Im vorliegenden Fall langte die gegen die Feststellungsbescheide 2010 und 2012 vom 3. Juni 2014 erhobene Beschwerde am 1. Juli 2014 bei der belangten Behörde ein – somit jedenfalls vor Eintritt der Verjährung der Einkommen­steuer 2010 und 2012. Diese Beschwerde ist bei der belangten Behörde noch anhängig. Soweit es hier zu Verfahrensverzögerungen gekommen ist, wird auf die Möglichkeit der Erhebung einer Säumnisbeschwerde nach § 284 BAO hingewiesen. Sollten die in Rede stehenden Feststellungsbescheide geändert werden, sind die abgeleiteten Einkommensteuerbescheide von Amts wegen gemäß § 295 BAO zu ändern.  

3.1.3. Zur mündlichen Verhandlung:

Gemäß § 274 Abs. 1 BAO hat eine mündliche Verhandlung über die Beschwerde stattzufinden, wenn dies in der Beschwerde oder im Vorlageantrag (§ 264 BAO) beantragt wird, oder wenn es der Referent (§ 270 Abs. 3 BAO) für erforderlich hält.

Die steuerlich vertretene Beschwerdeführerin stellte erst mit Schreiben vom 13. Oktober 2014 - somit nach Vorlage ihrer Beschwerde an das Bundesfinanzgericht - einen Antrag auf Durchführung einer mündlichen Verhandlung. Da dieser zwingend in der Beschwerde oder im Vorlageantrag gestellt werden muss, erweist sich der Antrag als verspätet und damit unbeachtlich. Von der Durchführung einer amtswegigen mündlichen Verhandlung konnte angesichts des unstrittigen Sachverhaltes abgesehen werden.
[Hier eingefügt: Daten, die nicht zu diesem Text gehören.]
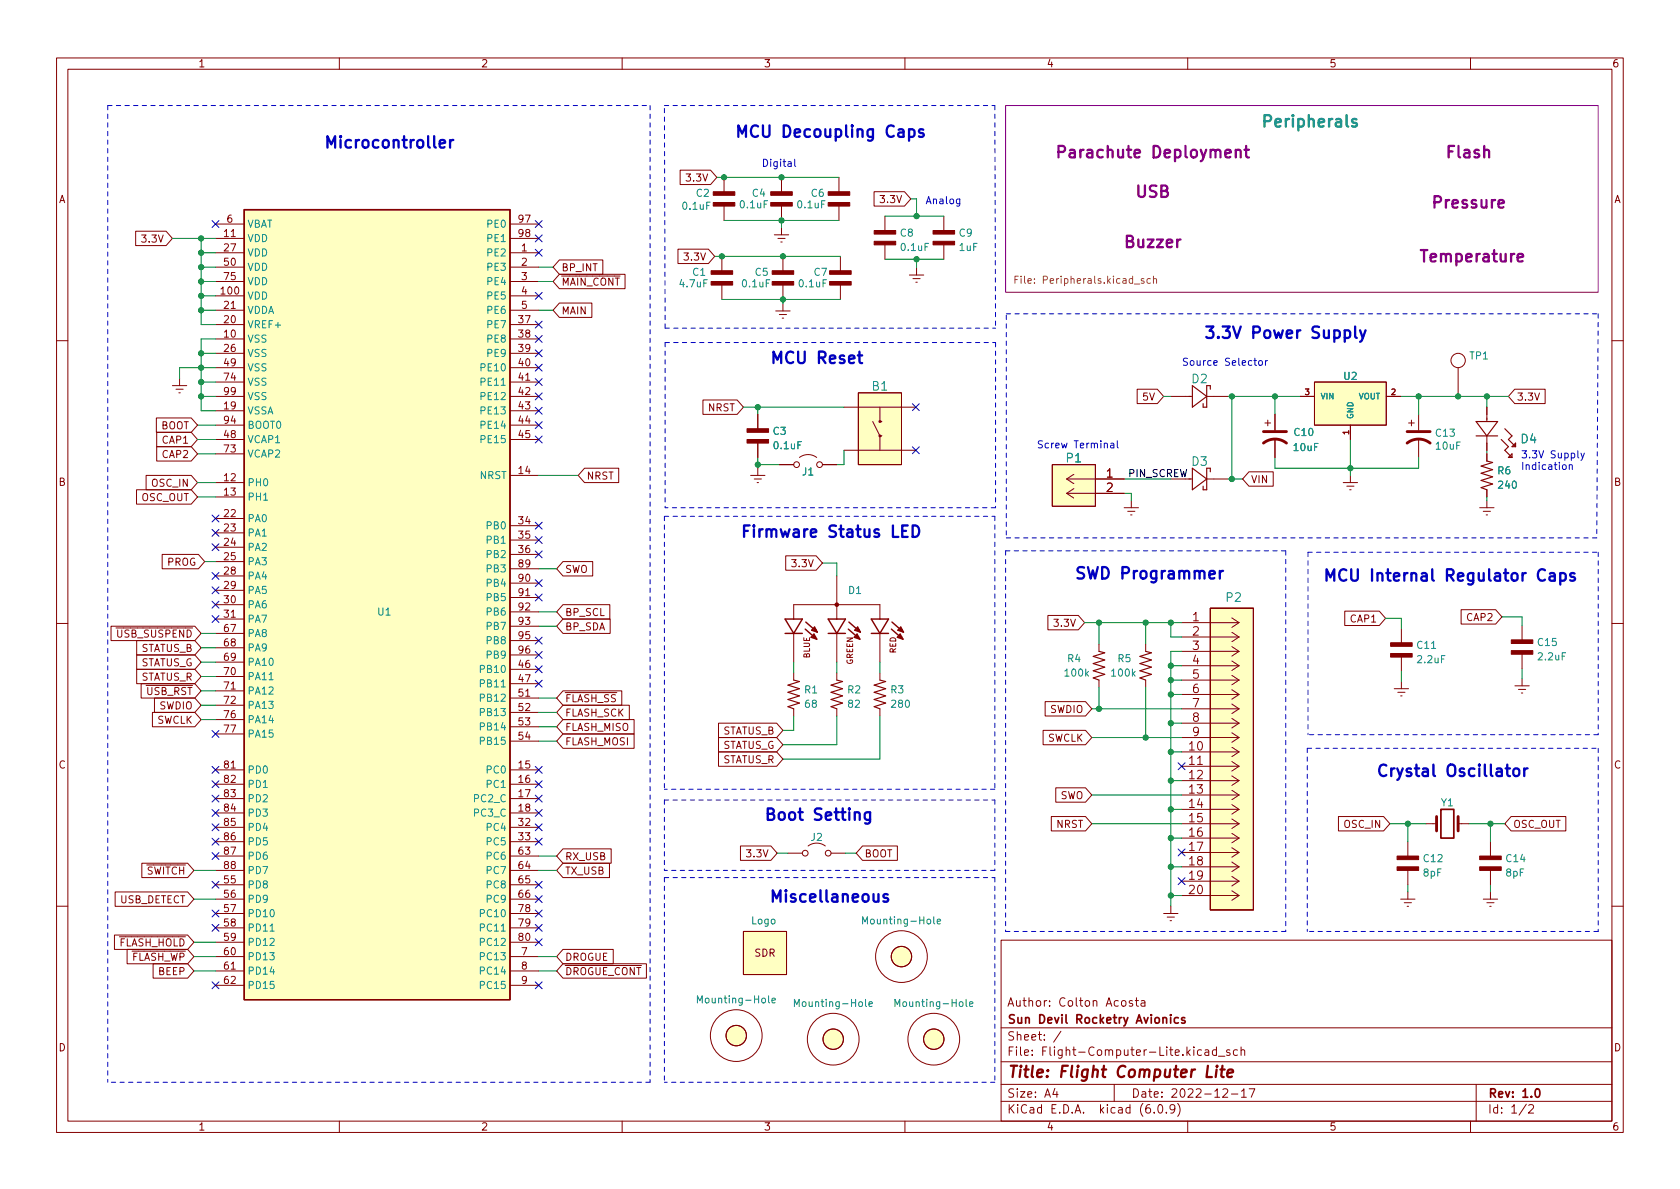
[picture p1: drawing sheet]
<svg xmlns="http://www.w3.org/2000/svg" width="297mm" height="210mm" viewBox="0 0 297 210" stroke-linecap="round" stroke-linejoin="round" font-family="sans-serif">
<g fill="none" stroke="#840000" stroke-width=".18">
<path d="M10 10.2h277v190.1h-277zM12 12.2h273v186.1h-273zM60 10.2v2M110 10.2v2M160 10.2v2M210 10.2v2M260 10.2v2M38.1 39.6h5.1M90.2 39.6h5M120.3 30.1h5.3l1.1 1.3-1.1 1.2h-5.3zM128 31.4v2.5M128 36.4v2.6"/>
<path d="M138.2 31.4v2.5M138.2 36.4v2.6M148.3 31.4v2.5M148.3 36.4v2.6M154.5 33.9h5.4l1.1 1.3-1.1 1.2h-5.4zM156.5 38.2v2.6M166.9 38.2v2.6M24 40.9h5.4l1.1 1.3-1.1 1.2h-5.4zM38.1 44.7h5.1M38.1 59.9h5.1M38.1 52.3h5.1M38.1 42.2h5.1"/>
<path d="M38.1 47.2h5.1M38.1 57.4h5.1M38.1 54.9h5.1M38.1 49.8h5.1M90.2 44.7h5M90.2 59.9h5M90.2 52.3h5M90.2 42.2h5M90.2 47.2h5M90.2 57.4h5M90.2 54.9h5M90.2 49.8h5"/>
<path d="M98.9 48.5h11.6v2.5h-11.6l-1.1-1.2zM98.9 53.6h5.7v2.5h-5.7l-1.1-1.2zM98.9 46h7.7v2.5h-7.7l-1.1-1.3zM119.9 44.1h5.4l1.1 1.2-1.1 1.3h-5.4zM127.6 45.3v2.6M127.6 50.4v2.6M136.9 41.5h2.5M137.2 55h2.5M137.5 42.2h1.3M137.8 55.6h1.3M138 42.8h.3M138.2 40.3v1.2"/>
<path d="M138.3 56.3h.3M138.4 45.3v2.6M138.4 50.4v2.6M138.4 53.7v1.3M148.6 45.3v2.6M148.6 50.4v2.6M156.5 43.3v2.5M160.8 48.6h2.5M161.4 49.3h1.3M161.9 49.9h.3M162.1 47.4v1.2M166.9 43.3v2.5"/>
<path d="M10 60.2h2M27.6 73.9h6.2l1.1 1.3-1.1 1.2h-6.2zM27.7 76.4h6.1l1.1 1.3-1.1 1.3h-6.1zM27.7 79h6.1l1.1 1.3-1.1 1.2h-6.1zM30.5 68.2h2.5M31.1 68.8h1.3M31.6 69.5h.3M31.7 66.9v1.3M38.1 70.1h5.1M38.1 72.6h5.1M38.1 62.5h5.1M38.1 65h5.1"/>
<path d="M38.1 67.6h5.1M38.1 75.2h5.1M38.1 77.7h5.1M90.2 70.1h5M90.2 72.6h5M90.2 62.5h5M90.2 65h5M90.2 67.6h5M90.2 75.2h5M90.2 77.7h5M124.3 70.7h6l1.1 1.3-1.1 1.3h-6zM134 73.3v2.5"/>
<path d="M134 78.4v2.5M149.2 79.6h12.7M149.2 72h12.7M151.8 69.5h7.6v12.7h-7.6zM154.3 74.5l1.3 2.6v2.5M155.6 72v2.5M201.1 68.8h3.5l1.1 1.3-1.1 1.3h-3.5zM207 70.1h3.8M213.4 70.1h3.8M223.6 74.8h1.1M224.2 74.3v1M225.4 73.3v2.8"/>
<path d="M225.4 77.6v3.3M229.9 70.1h2.5M232.4 67.6h12.7v7.6h-12.7zM238.8 75.2v2.5M245.1 70.1h2.5M249 74.8h1.1M249.6 74.3v1M250.8 73.3v2.8M250.8 77.6v3.3M257.8 65v5.1M262.9 72v2.5M262.9 77.1v2.5"/>
<path d="M267.8 68.8h5.4v2.6h-5.4l-1.1-1.3zM285 60.2h2M24.1 86.6h9.7l1.1 1.3-1.1 1.2h-9.7zM25.8 84.1h8l1.1 1.2-1.1 1.3h-8zM28.7 98h6.4l1.1 1.3-1.1 1.3h-6.4zM38.1 85.3h5.1M38.1 87.9h5.1M38.1 91.7h5.1M38.1 94.2h5.1M38.1 96.8h5.1M38.1 99.3h5.1M38.1 80.3h5.1"/>
<path d="M90.2 84.1h5M90.2 93h5M90.2 95.5h5M90.2 98h5M99.5 99.3h5.3v2.5h-5.3l-1.1-1.2zM103.3 82.8h6.1v2.5h-6.1l-1.1-1.2zM132.7 84.1h2.6M133.3 84.7h1.3M133.9 85.3h.2M134 82.8v1.3M137.8 82.2h2.5M138.9 98.3h5.4l1.1 1.3-1.1 1.2h-5.4z"/>
<path d="M141.3 80.9a2.54 2.54 0 0 1 3.1 0M145.4 82.2h2.6M186.1 82.2h7.6v7.3h-7.6zM188.6 84.7h10.2M188.6 87.2h10.2M188.6 87.2l1.3 .9M188.6 84.7l1.3 .8M189.9 86.4l-1.3 .8M189.9 83.9l-1.3 .8M198.8 89.8h2.5M199.4 90.4h1.3M199.9 91.1h.3"/>
<path d="M200 88.5v1.3M210.2 84.7h.6M213.4 84.7h3.8M220.8 83.4h4.3v2.6h-4.3l-1.1-1.3zM237.5 85.3h2.5M238.1 86h1.3M238.6 86.6h.3M238.8 84.1v1.2M261.6 89.8h2.6M262.3 90.4h1.2M262.8 91.1h.2M262.9 80.3v1.2"/>
<path d="M262.9 86.6v1.3M262.9 88.5v1.3M10 110.2h2M19.6 110.7h14.8l1.2 1.3-1.2 1.3h-14.8zM24.2 118.4h10.2l1.2 1.2-1.2 1.3h-10.2zM24.2 115.8h10.2l1.2 1.3-1.2 1.3h-10.2zM24.2 113.3h10.2l1.2 1.2-1.2 1.3h-10.2zM38.1 101.8h5.1M38.1 104.4h5.1M38.1 106.9h5.1M38.1 109.5h5.1M38.1 112h5.1"/>
<path d="M38.1 114.5h5.1M38.1 117.1h5.1M38.1 119.6h5.1M90.2 118.4h5M90.2 100.6h5M90.2 103.1h5M90.2 105.7h5M90.2 108.2h5M90.2 110.7h5M90.2 113.3h5M90.2 115.8h5M99.5 106.9h8.3v2.6h-8.3l-1.1-1.3z"/>
<path d="M99.5 109.5h8.4v2.5h-8.4l-1.1-1.3zM140.3 109.5v-2.6h15.3v2.6M140.3 112v5.1M140.3 119v1.3M148 101.8v7.7M148 112v5.1M148 119v1.3M155.6 112v5.1M155.6 119v1.3M185.3 108.8h5.4l1.1 1.3-1.1 1.3h-5.4zM194.3 113.9v1.3M202.6 113.9v1.3"/>
<path d="M208.9 117.7h10.2M208.9 115.2h10.2M208.9 112.6h10.2M208.9 110.1h10.2M214 107.6h7.6v53.3h-7.6zM217.8 119.4l1.3 .9M217.8 116.9l1.3 .8M217.8 114.3l1.3 .9M217.8 111.8l1.3 .8M217.8 109.3l1.3 .8M219.1 117.7l-1.3 .9M219.1 115.2l-1.3 .8"/>
<path d="M219.1 112.6l-1.3 .9M219.1 110.1l-1.3 .8M237.8 108.1h6.1l1.1 1.2-1.1 1.3h-6.1zM247.8 111.1v2.6M247.8 116.2v2.5M258.3 107.8h6.1l1.2 1.3-1.2 1.3h-6.1zM269.1 110.6v2.6M269.1 115.7v2.5M285 110.2h2M25 120.9h9.4l1.2 1.3-1.2 1.2h-9.4zM26.9 126h7.5l1.2 1.2-1.2 1.3h-7.5zM27.3 123.4h7.1l1.2 1.3-1.2 1.3h-7.1z"/>
<path d="M38.1 136.1h5.1M38.1 138.7h5.1M38.1 122.2h5.1M38.1 124.7h5.1M38.1 127.2h5.1M38.1 129.8h5.1M90.2 136.1h5M90.2 138.7h5M90.2 120.9h5M90.2 123.4h5M90.2 126h5M90.2 128.5h5"/>
<path d="M90.2 131.1h5M99.5 129.8h12.6v2.5h-12.6l-1.1-1.2zM99.5 124.7h11.8v2.5h-11.8l-1.1-1.2zM99.5 122.2h10.4v2.5h-10.4l-1.1-1.3zM99.5 127.2h12.6v2.6h-12.6l-1.1-1.3zM127 133h10.3l1.1 1.2-1.1 1.3h-10.3zM127 127.9h10.3l1.1 1.3-1.1 1.2h-10.3zM127 130.4h10.3l1.1 1.3-1.1 1.3h-10.3zM140.3 125.3v1.3M148 125.3v1.3M155.6 125.3v1.3M184.4 129.2h7.5l1.1 1.2-1.1 1.3h-7.5z"/>
<path d="M184.8 124.1h7.1l1.1 1.2-1.1 1.3h-7.1zM186.7 139.3h5.2l1.1 1.3-1.1 1.3h-5.2zM194.3 120.3v1.2M202.6 120.3v1.2M208.9 138h10.2M208.9 135.5h10.2M208.9 133h10.2M208.9 130.4h10.2M208.9 127.9h10.2M208.9 125.3h10.2M208.9 122.8h10.2M208.9 120.3h10.2"/>
<path d="M217.8 139.7l1.3 .9M217.8 137.2l1.3 .8M217.8 134.7l1.3 .8M217.8 132.1l1.3 .9M217.8 129.6l1.3 .8M217.8 127l1.3 .9M217.8 124.5l1.3 .8M217.8 122l1.3 .8M219.1 138l-1.3 .9M219.1 135.5l-1.3 .8M219.1 133l-1.3 .8M219.1 130.4l-1.3 .9"/>
<path d="M219.1 127.9l-1.3 .8M219.1 125.3l-1.3 .9M219.1 122.8l-1.3 .8M219.1 120.3l-1.3 .8M246.5 121.8h2.5M247.1 122.4h1.3M247.6 123.1h.3M247.8 120.5v1.3M267.8 121.3h2.6M268.5 121.9h1.2M269 122.5h.2M269.1 120v1.3"/>
<path d="M20.4 157.7h12.8l1.1 1.3-1.1 1.3h-12.8zM25.1 152.6h8.1l1.1 1.3-1.1 1.3h-8.1zM38.1 141.2h5.1M38.1 143.8h5.1M38.1 146.3h5.1M38.1 148.8h5.1M38.1 156.5h5.1M38.1 159h5.1M38.1 151.4h5.1M38.1 153.9h5.1M90.2 141.2h5M90.2 143.8h5"/>
<path d="M90.2 146.3h5M90.2 148.8h5M90.2 156.5h5M90.2 159h5M90.2 151.4h5M90.2 153.9h5M99.5 152.6h8.3v2.6h-8.3l-1.1-1.3zM99.5 150.1h8.6v2.5h-8.6l-1.1-1.2zM130.9 149.6h5.4l1.1 1.3-1.1 1.2h-5.4zM139.3 150.9h2.6M142.9 149.6a2.54 2.54 0 0 1 3 0M146.9 150.9h2.6"/>
<path d="M152.5 149.6h6.2v2.5h-6.2l-1.1-1.2zM185.9 144.4h6l1.1 1.3-1.1 1.2h-6zM208.9 158.4h10.2M208.9 155.8h10.2M208.9 153.3h10.2M208.9 150.7h10.2M208.9 148.2h10.2M208.9 145.7h10.2M208.9 143.1h10.2M208.9 140.6h10.2M217.8 157.5l1.3 .9M217.8 155l1.3 .8"/>
<path d="M217.8 152.4l1.3 .9M217.8 149.9l1.3 .8M217.8 147.4l1.3 .8M217.8 144.8l1.3 .9M217.8 142.3l1.3 .8M219.1 158.4l-1.3 .8M219.1 155.8l-1.3 .9M219.1 153.3l-1.3 .8M219.1 150.7l-1.3 .9M219.1 148.2l-1.3 .8M219.1 145.7l-1.3 .8M219.1 143.1l-1.3 .9"/>
<path d="M219.1 140.6l-1.3 .8M236.7 144.4h7.9l1.1 1.3-1.1 1.2h-7.9zM247.6 159h2.6M248.3 159.6h1.3M248.9 148.8v2.6M248.9 153.9v2.6M248.9 157.7v1.3M252.1 145.7h1.9M257.8 145.7h1.9M262.3 159h2.5M262.9 159.6h1.3M263.5 148.8v2.6"/>
<path d="M263.5 153.9v2.6M263.5 157.7v1.3M267.2 144.4h9.7v2.5h-9.7l-1.1-1.2zM10 160.2h2M20.2 165.3h13l1.1 1.3-1.1 1.3h-13zM22.5 167.9h10.7l1.1 1.3-1.1 1.2h-10.7zM27.1 170.4h6.1l1.1 1.3-1.1 1.3h-6.1zM38.1 161.5h5.1M38.1 164.1h5.1M38.1 166.6h5.1M38.1 169.2h5.1M38.1 171.7h5.1"/>
<path d="M38.1 174.2h5.1M90.2 161.5h5M90.2 164.1h5M90.2 166.6h5M90.2 169.2h5M90.2 171.7h5M90.2 174.2h5M99.5 167.9h8.9v2.5h-8.9l-1.1-1.2zM99.5 170.4h14.8v2.6h-14.8l-1.1-1.3zM131.4 164.7h7.7v7.6h-7.7zM177 166.3h108v32h-108zM198.4 177l.4-.1 .3 .3v.4l-.3 .3h-.4l-.1-.3v-.4z"/>
<path d="M200.2 177l-.3-.1-.3 .2 .1 .3 .5 .1v.4h-.6M200.7 176.9h.6M200.9 176.4v1.3l.4 .2M201.8 177h.6v.9M202.4 177.3l-.5 .1a.29 .29 0 0 0-.2 .2 .29 .29 0 0 0 .2 .3h.5M205.7 161.5h2.6M206.4 162.2h1.2M206.9 162.8h.2M207 160.3v1.2M248.8 160.3h.2M263.4 160.3h.3M285 160.2h2"/>
<path d="M60 198.3v2M110 198.3v2M160 198.3v2M177 194.8h108M177 191.8h108M177 187.8h108M177 181.8h108M186.5 192.5l-.4 1h1M186.9 193v1M187.6 182.4l-1.3 1.9M197 191.8v3M204.1 196.7v.1"/>
<path d="M204.9 195.4l.2-.1a.81 .81 0 0 1 .6 .7 .81 .81 0 0 1-.3 .8h-.2a.81 .81 0 0 1-.6-.6 .81 .81 0 0 1 .3-.8zM206.2 196.7v.1M207.7 196l-.3 .3h-.3l-.2-.3 .1-.6 .4-.1 .2 .2a.99 .99 0 0 1-.3 1.3h-.3M208.2 195.1a1.72 1.72 0 0 1 0 2.3M210 198.3v2M212.4 185.7l-.4-.1-.3 .3v.4l.2 .3h.5M213.1 185.7h.5l.1 .9M213.7 186l-.5 .1a.29 .29 0 0 0-.2 .2 .29 .29 0 0 0 .2 .3h.5M215.1 185.7l-.5-.1-.2 .3v.4l.1 .3h.6M215.1 185.1v1.5M215.4 186.8h1.2M216.2 192.7l.6-.2 .2 .2 .1 .3-1 1h1"/>
<path d="M217.4 185.7l-.3-.1-.2 .2v.3l.5 .1v.4h-.5M217.7 193.5h1.2M218.8 185.7l-.4-.1-.3 .3v.4l.1 .3h.6M219.4 185.8l.2-.2 .4 .1 .1 .9M219.4 185.1v1.5M219.5 193l.4-.5v1.5M219.5 194h.9M220.9 192.5h1l-.7 1.5M260 198.3v2M261 191.8v6.5M269.9 195.3l-1.3 1.9M270.3 195.5l.6-.2 .2 .2 .1 .3-1 1h1"/>
<circle cx="257.8" cy="63.7" r="1.27"/>
<circle cx="140.8" cy="82.2" r=".51"/>
<circle cx="144.9" cy="82.2" r=".51"/>
<circle cx="142.4" cy="150.9" r=".51"/>
<circle cx="146.4" cy="150.9" r=".51"/>
<circle cx="159.4" cy="169.2" r="4.6"/>
<circle cx="159.4" cy="169.2" r="1.8"/>
<circle cx="130.2" cy="183.1" r="4.6"/>
<circle cx="130.2" cy="183.1" r="1.8"/>
<circle cx="147.3" cy="183.8" r="4.6"/>
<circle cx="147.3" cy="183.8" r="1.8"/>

3.1.4. Im Ergebnis war aus den unter 3.1.1. und 3.1.2. genannten Gründen spruchgemäß zu entscheiden.

3.2. Zu Spruchpunkt II. (Unzulässigkeit der Revision)

Gemäß § 25a Abs. 1 VwGG hat das Verwaltungsgericht im Spruch seines Erkenntnisses auszusprechen, ob die Revision gemäß Art. 133 Abs. 4 B-VG zulässig ist. Der Ausspruch ist kurz zu begründen.

Die Revision ist nicht zulässig, weil im gegenständlichen Verfahren keine Rechtsfrage zu lösen war, der im Sinne des Art. 133 Abs. 4 B-VG grundsätzliche Bedeutung zukommt. Die Rechtsfolge der Abweisung der Beschwerde ergibt sich vielmehr unmittelbar aus § 252 BAO und wird durch die ständige Rechtsprechung des Verwaltungsgerichtshofes bestätigt, wonach Beschwerden gegen Steuerbescheide, die lediglich mit Einwendungen gegen die Rechtsmäßigkeit eines dem abgeleiteten Bescheid zugrunde liegenden Feststellungsbescheid begründet sind, abzuweisen sind (siehe zB VwGH 7.7.2004, 2004/13/0069).